Le Cameroun réaffirme l’interdiction des programmes de doctorat dans les universités privées
Le ministère de l’Enseignement supérieur a publié une nouvelle directive réaffirmant qu’aucune université privée ni aucun établissement privé d’enseignement supérieur n’est autorisé à offrir des programmes de doctorat au Cameroun. Il s’agit de la position la plus ferme adoptée par le gouvernement dans sa volonté de réguler la formation doctorale à l’échelle nationale.
Le communiqué, signé le 13 avril 2026 par le ministre de l’Enseignement supérieur, Pr Jacques Fame Ndongo, avertit que tout doctorat obtenu dans un établissement privé ou via un partenariat étranger opéré localement ne sera pas reconnu par l’État.
Cette mise au point intervient alors que les autorités dénoncent une multiplication de formations doctorales non autorisées, notamment à travers des partenariats offshore et des programmes à distance proposés par certains établissements privés.

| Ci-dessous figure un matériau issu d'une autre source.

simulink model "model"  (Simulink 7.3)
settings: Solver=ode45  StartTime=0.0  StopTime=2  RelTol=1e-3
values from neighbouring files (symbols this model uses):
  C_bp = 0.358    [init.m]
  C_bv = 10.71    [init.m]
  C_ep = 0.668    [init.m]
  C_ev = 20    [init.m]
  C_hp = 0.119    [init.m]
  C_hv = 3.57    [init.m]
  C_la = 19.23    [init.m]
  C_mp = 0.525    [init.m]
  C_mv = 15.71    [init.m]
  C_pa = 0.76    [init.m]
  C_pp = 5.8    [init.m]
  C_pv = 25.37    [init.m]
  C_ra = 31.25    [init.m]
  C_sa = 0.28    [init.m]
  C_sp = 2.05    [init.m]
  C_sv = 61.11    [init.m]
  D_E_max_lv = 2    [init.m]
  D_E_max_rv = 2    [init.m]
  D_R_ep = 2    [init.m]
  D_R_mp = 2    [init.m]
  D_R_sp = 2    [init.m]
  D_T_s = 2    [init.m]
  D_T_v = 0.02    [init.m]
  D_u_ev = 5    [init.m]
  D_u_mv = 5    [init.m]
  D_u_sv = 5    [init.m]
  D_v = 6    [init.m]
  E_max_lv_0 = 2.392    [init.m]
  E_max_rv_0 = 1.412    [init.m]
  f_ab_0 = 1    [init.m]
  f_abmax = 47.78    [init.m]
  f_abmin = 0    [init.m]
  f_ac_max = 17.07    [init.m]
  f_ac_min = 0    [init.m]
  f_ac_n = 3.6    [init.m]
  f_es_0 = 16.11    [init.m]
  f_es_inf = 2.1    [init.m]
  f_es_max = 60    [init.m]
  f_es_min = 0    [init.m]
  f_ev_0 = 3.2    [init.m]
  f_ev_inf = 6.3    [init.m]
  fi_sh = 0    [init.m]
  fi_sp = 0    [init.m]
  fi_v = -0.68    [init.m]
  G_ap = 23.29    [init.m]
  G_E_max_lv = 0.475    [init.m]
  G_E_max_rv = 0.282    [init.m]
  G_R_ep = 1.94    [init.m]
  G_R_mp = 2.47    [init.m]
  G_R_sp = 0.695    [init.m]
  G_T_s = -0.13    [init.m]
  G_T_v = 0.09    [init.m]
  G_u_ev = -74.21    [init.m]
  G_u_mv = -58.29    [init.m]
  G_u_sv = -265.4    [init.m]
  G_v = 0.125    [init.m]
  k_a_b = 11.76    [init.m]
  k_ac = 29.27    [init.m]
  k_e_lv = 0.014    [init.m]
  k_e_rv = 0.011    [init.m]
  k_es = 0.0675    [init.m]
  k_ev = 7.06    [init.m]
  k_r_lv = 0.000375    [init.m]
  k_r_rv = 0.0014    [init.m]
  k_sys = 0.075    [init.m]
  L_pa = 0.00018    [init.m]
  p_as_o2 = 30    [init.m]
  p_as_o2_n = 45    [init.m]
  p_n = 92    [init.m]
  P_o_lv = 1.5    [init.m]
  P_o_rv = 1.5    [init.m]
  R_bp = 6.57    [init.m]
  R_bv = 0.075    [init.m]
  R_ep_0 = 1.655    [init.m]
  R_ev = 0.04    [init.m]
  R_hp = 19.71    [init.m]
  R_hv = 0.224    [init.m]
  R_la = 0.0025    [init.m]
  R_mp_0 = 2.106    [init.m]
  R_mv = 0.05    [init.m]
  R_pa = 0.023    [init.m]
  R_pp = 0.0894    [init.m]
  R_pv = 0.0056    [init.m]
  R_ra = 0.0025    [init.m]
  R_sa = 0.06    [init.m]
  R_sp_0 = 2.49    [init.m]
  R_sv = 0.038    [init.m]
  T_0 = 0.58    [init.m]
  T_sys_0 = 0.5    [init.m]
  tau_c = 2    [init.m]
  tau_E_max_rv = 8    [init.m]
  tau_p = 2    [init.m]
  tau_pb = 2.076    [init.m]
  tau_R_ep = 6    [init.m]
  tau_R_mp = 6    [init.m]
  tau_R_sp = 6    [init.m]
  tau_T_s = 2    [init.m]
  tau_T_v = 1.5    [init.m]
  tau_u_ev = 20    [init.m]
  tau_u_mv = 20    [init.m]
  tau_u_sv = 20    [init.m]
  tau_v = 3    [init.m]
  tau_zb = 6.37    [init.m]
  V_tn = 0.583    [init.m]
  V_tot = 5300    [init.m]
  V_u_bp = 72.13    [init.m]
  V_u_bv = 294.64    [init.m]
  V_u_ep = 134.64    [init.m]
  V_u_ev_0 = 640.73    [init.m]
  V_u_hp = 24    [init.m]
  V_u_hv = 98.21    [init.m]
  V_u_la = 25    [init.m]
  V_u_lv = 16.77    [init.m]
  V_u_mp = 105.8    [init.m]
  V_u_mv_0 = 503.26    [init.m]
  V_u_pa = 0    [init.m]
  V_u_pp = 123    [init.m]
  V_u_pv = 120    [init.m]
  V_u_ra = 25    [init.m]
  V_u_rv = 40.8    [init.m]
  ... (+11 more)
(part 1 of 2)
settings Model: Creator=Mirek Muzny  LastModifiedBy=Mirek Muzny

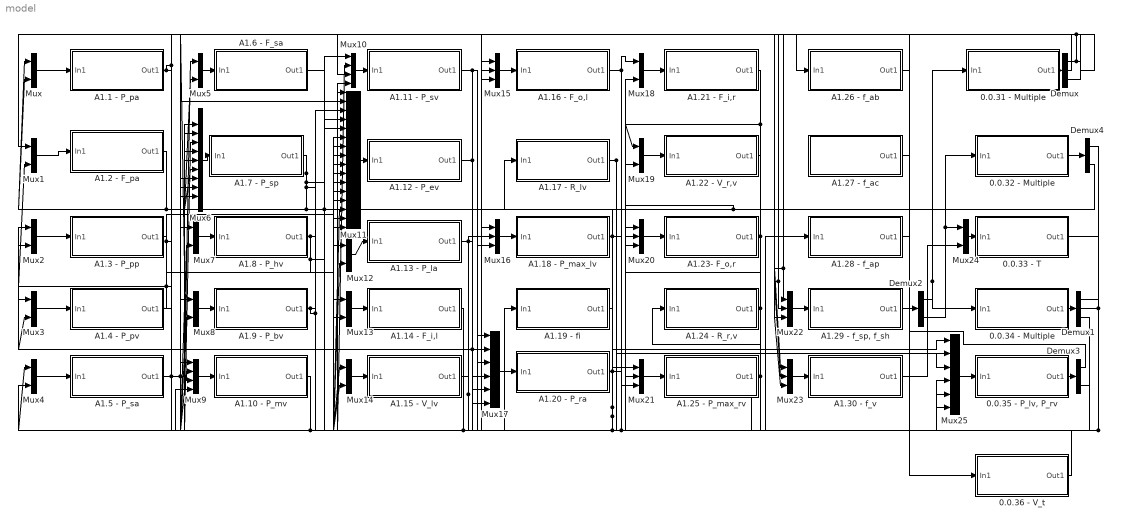
== system model ==
  0.0.31 - Multiple : Subsystem
  0.0.32 - Multiple : Subsystem
  0.0.33 - T : Subsystem
  0.0.34 - Multiple : Subsystem
  "0.0.35 - P_lv, P_rv" : Subsystem
  0.0.36 - V_t : Subsystem
  A1.1 - P_pa : Subsystem
  A1.10 - P_mv : Subsystem
  A1.11 - P_sv : Subsystem
  A1.12 - P_ev : Subsystem
  A1.13 - P_la : Subsystem
  A1.14 - F_i,l : Subsystem
  A1.15 - V_lv : Subsystem
  A1.16 - F_o,l : Subsystem
  A1.17 - R_lv : Subsystem
  A1.18 - P_max_lv : Subsystem
  A1.19 - fi : Subsystem
  A1.2 - F_pa : Subsystem
  A1.20 - P_ra : Subsystem
  A1.21 - F_i,r : Subsystem
  A1.22 - V_r,v : Subsystem
  A1.23- F_o,r : Subsystem
  A1.24 - R_r,v : Subsystem
  A1.25 - P_max_rv : Subsystem
  A1.26 - f_ab : Subsystem
  A1.27 - f_ac : Subsystem
  A1.28 - f_ap : Subsystem
  "A1.29 - f_sp, f_sh" : Subsystem
  A1.3 - P_pp : Subsystem
  "A1.30 - f_v " : Subsystem
  A1.4 - P_pv : Subsystem
  A1.5 - P_sa : Subsystem
  A1.6 - F_sa : Subsystem
  A1.7 - P_sp : Subsystem
  A1.8 - P_hv : Subsystem
  A1.9 - P_bv : Subsystem
  Demux : Demux  Outputs=3
  Demux1 : Demux  Outputs=3
  Demux2 : Demux  Outputs=2
  Demux3 : Demux  Outputs=2
  Demux4 : Demux  Outputs=2
  Mux{,1..5,7..8,12..14,18..19,24} (14 alike) : Mux  Inputs=2
  Mux10 : Mux
  Mux11 : Mux  Inputs=16
  Mux{15..16,20..23} (6 alike) : Mux  Inputs=3
  Mux17 : Mux  Inputs=6
  Mux25 : Mux  Inputs=6
  Mux6 : Mux  Inputs=9
  Mux9 : Mux
  wires:
  Mux/1 -> A1.1 - P_pa/1(In1)
  A1.23- F_o,r/1(Out1) -> Mux/1, Mux19/2, Mux25/6
  A1.2 - F_pa/1(Out1) -> Mux/2, Mux2/2
  Mux1/1 -> A1.2 - F_pa/1(In1)
  A1.1 - P_pa/1(Out1) -> Mux1/1, Mux11/8, Mux20/2
  A1.3 - P_pp/1(Out1) -> Mux1/2, Mux3/1, Mux11/9
  Mux2/1 -> A1.3 - P_pp/1(In1)
  A1.4 - P_pv/1(Out1) -> Mux2/1, Mux11/10, Mux12/1
  Mux3/1 -> A1.4 - P_pv/1(In1)
  A1.13 - P_la/1(Out1) -> Mux3/2, Mux11/11, Mux13/1
  Mux4/1 -> A1.5 - P_sa/1(In1)
  A1.6 - F_sa/1(Out1) -> Mux4/2, Mux6/6
  A1.16 - F_o,l/1(Out1) -> Mux4/1, Mux14/2, Mux25/3
  Mux5/1 -> A1.6 - F_sa/1(In1)
  A1.7 - P_sp/1(Out1) -> Mux5/2, Mux7/1, Mux8/1, Mux9/1, Mux10/1, Mux11/1
  A1.5 - P_sa/1(Out1) -> Mux5/1, Mux11/2, Mux15/2, A1.26 - f_ab/1(In1)
  Mux6/1 -> A1.7 - P_sp/1(In1)
  A1.8 - P_hv/1(Out1) -> Mux6/1, Mux11/4, Mux17/1
  A1.9 - P_bv/1(Out1) -> Mux6/2, Mux11/3, Mux17/2
  A1.10 - P_mv/1(Out1) -> Mux6/3, Mux11/5, Mux17/3
  A1.11 - P_sv/1(Out1) -> Mux6/4, Mux11/6, Mux17/4
  A1.12 - P_ev/1(Out1) -> Mux6/5, Mux17/5
  0.0.31 - Multiple/1(Out1) -> Demux/1
  Demux/2 -> Mux6/7
  Demux/1 -> Mux6/8, Mux9/3, Mux10/3
  Demux/3 -> Mux6/9
  Mux7/1 -> A1.8 - P_hv/1(In1)
  A1.20 - P_ra/1(Out1) -> Mux7/2, Mux8/2, Mux9/2, Mux10/2, Mux11/7, Mux18/1
  Mux8/1 -> A1.9 - P_bv/1(In1)
  Mux9/1 -> A1.10 - P_mv/1(In1)
  0.0.34 - Multiple/1(Out1) -> Demux1/1
  Demux1/1 -> Mux9/4, Mux11/14
  Mux10/1 -> A1.11 - P_sv/1(In1)
  Demux1/2 -> Mux10/4, Mux11/15
  Mux11/1 -> A1.12 - P_ev/1(In1)
  A1.22 - V_r,v/1(Out1) -> Mux11/12, Mux21/2
  A1.15 - V_lv/1(Out1) -> Mux16/2, Mux11/13
  Demux1/3 -> Mux11/16
  Mux12/1 -> A1.13 - P_la/1(In1)
  A1.14 - F_i,l/1(Out1) -> Mux12/2, Mux14/1
  Mux13/1 -> A1.14 - F_i,l/1(In1)
  Mux14/1 -> A1.15 - V_lv/1(In1)
  Mux15/1 -> A1.16 - F_o,l/1(In1)
  A1.18 - P_max_lv/1(Out1) -> Mux15/1, A1.17 - R_lv/1(In1), Mux25/1
  A1.17 - R_lv/1(Out1) -> Mux15/3, Mux25/2
  Mux16/1 -> A1.18 - P_max_lv/1(In1)
  A1.19 - fi/1(Out1) -> Mux16/1, Mux21/1
  0.0.33 - T/1(Out1) -> A1.19 - fi/1(In1)
  Mux17/1 -> A1.20 - P_ra/1(In1)
  A1.21 - F_i,r/1(Out1) -> Mux17/6, Mux19/1
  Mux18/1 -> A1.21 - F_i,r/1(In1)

Le gouvernement déclare illégaux tous les doctorats du secteur privé
Selon le ministère, seules les universités publiques sont habilitées à organiser des formations doctorales. La directive précise que :
- Les universités privées ne peuvent pas recruter, former ou diplômer de doctorants.
- Tout établissement proposant un doctorat agit en violation de la loi.
- Les étudiants inscrits dans ces programmes risquent d’obtenir des diplômes non reconnus.
Les autorités justifient cette interdiction par les exigences élevées de la formation doctorale : infrastructures de recherche, laboratoires accrédités, enseignants permanents qualifiés, des ressources dont la majorité des établissements privés ne disposent pas.
Le ministère affirme que cette mesure vise à préserver la qualité académique et à éviter que des étudiants investissent dans des diplômes sans valeur professionnelle ou administrative.
Une offensive contre les doctorats “offshore” et les partenariats étrangers
La directive de 2026 cible également un phénomène en expansion : les programmes doctoraux proposés par des universités étrangères mais délivrés localement via des institutions privées camerounaises.
Le ministère est catégorique :
- Aucun partenariat doctoral offshore n’est actuellement autorisé au Cameroun.
- Les diplômes issus de ces programmes ne seront pas validés.
- Les établissements impliqués s’exposent à des sanctions.
Cette décision touche de nombreux étudiants inscrits dans des parcours doctoraux affiliés à des universités étrangères mais opérés sur le territoire camerounais.
Des étudiants dans l’incertitude face à l’invalidité de leurs diplômes
Les conséquences sont immédiates pour les doctorants inscrits hors du système public. Les diplômes issus de programmes privés ou offshore ne seront pas acceptés pour :
- les concours de la fonction publique
- les promotions académiques
- l’évolution professionnelle
- la reconnaissance officielle des titres
Certains étudiants s’inquiètent des frais déjà engagés, tandis que d’autres cherchent à savoir s’il sera possible d’intégrer une université publique.
Les universités publiques rouvrent les doctorats sous de nouvelles règles strictes
Cette interdiction intervient alors que le gouvernement a décidé de rouvrir les admissions en doctorat dans les universités publiques, après deux années de suspension. Pour l’année académique 2025/2026, le ministère a fixé un quota national de 600 doctorants, répartis entre 11 universités d’État.
Le nouveau cadre prévoit :
- L’admission réservée aux titulaires d’un Master Recherche.
- Une note minimale de 12/20.
- Un encadrement limité à 3 doctorants camerounais et 2 étrangers par directeur de thèse.
- Des frais annuels fixés à 50 000 FCFA pour les nationaux.
- La prise en charge par l’État des coûts d’encadrement et de soutenance.
Les autorités affirment que ces réformes visent à renforcer la qualité de la recherche, réduire la surcharge des encadreurs et aligner la formation doctorale sur les standards internationaux.
Vers une centralisation totale de la formation doctorale
Avec la directive de 2026, le Cameroun centralise désormais l’ensemble de la formation doctorale au sein des universités publiques. Les établissements privés peuvent continuer à proposer des licences et des masters, mais le doctorat reste exclusivement réservé au secteur public.
Le ministère estime que ces mesures sont nécessaires pour garantir l’intégrité académique et maintenir la crédibilité des diplômes camerounais, tant au niveau national qu’international.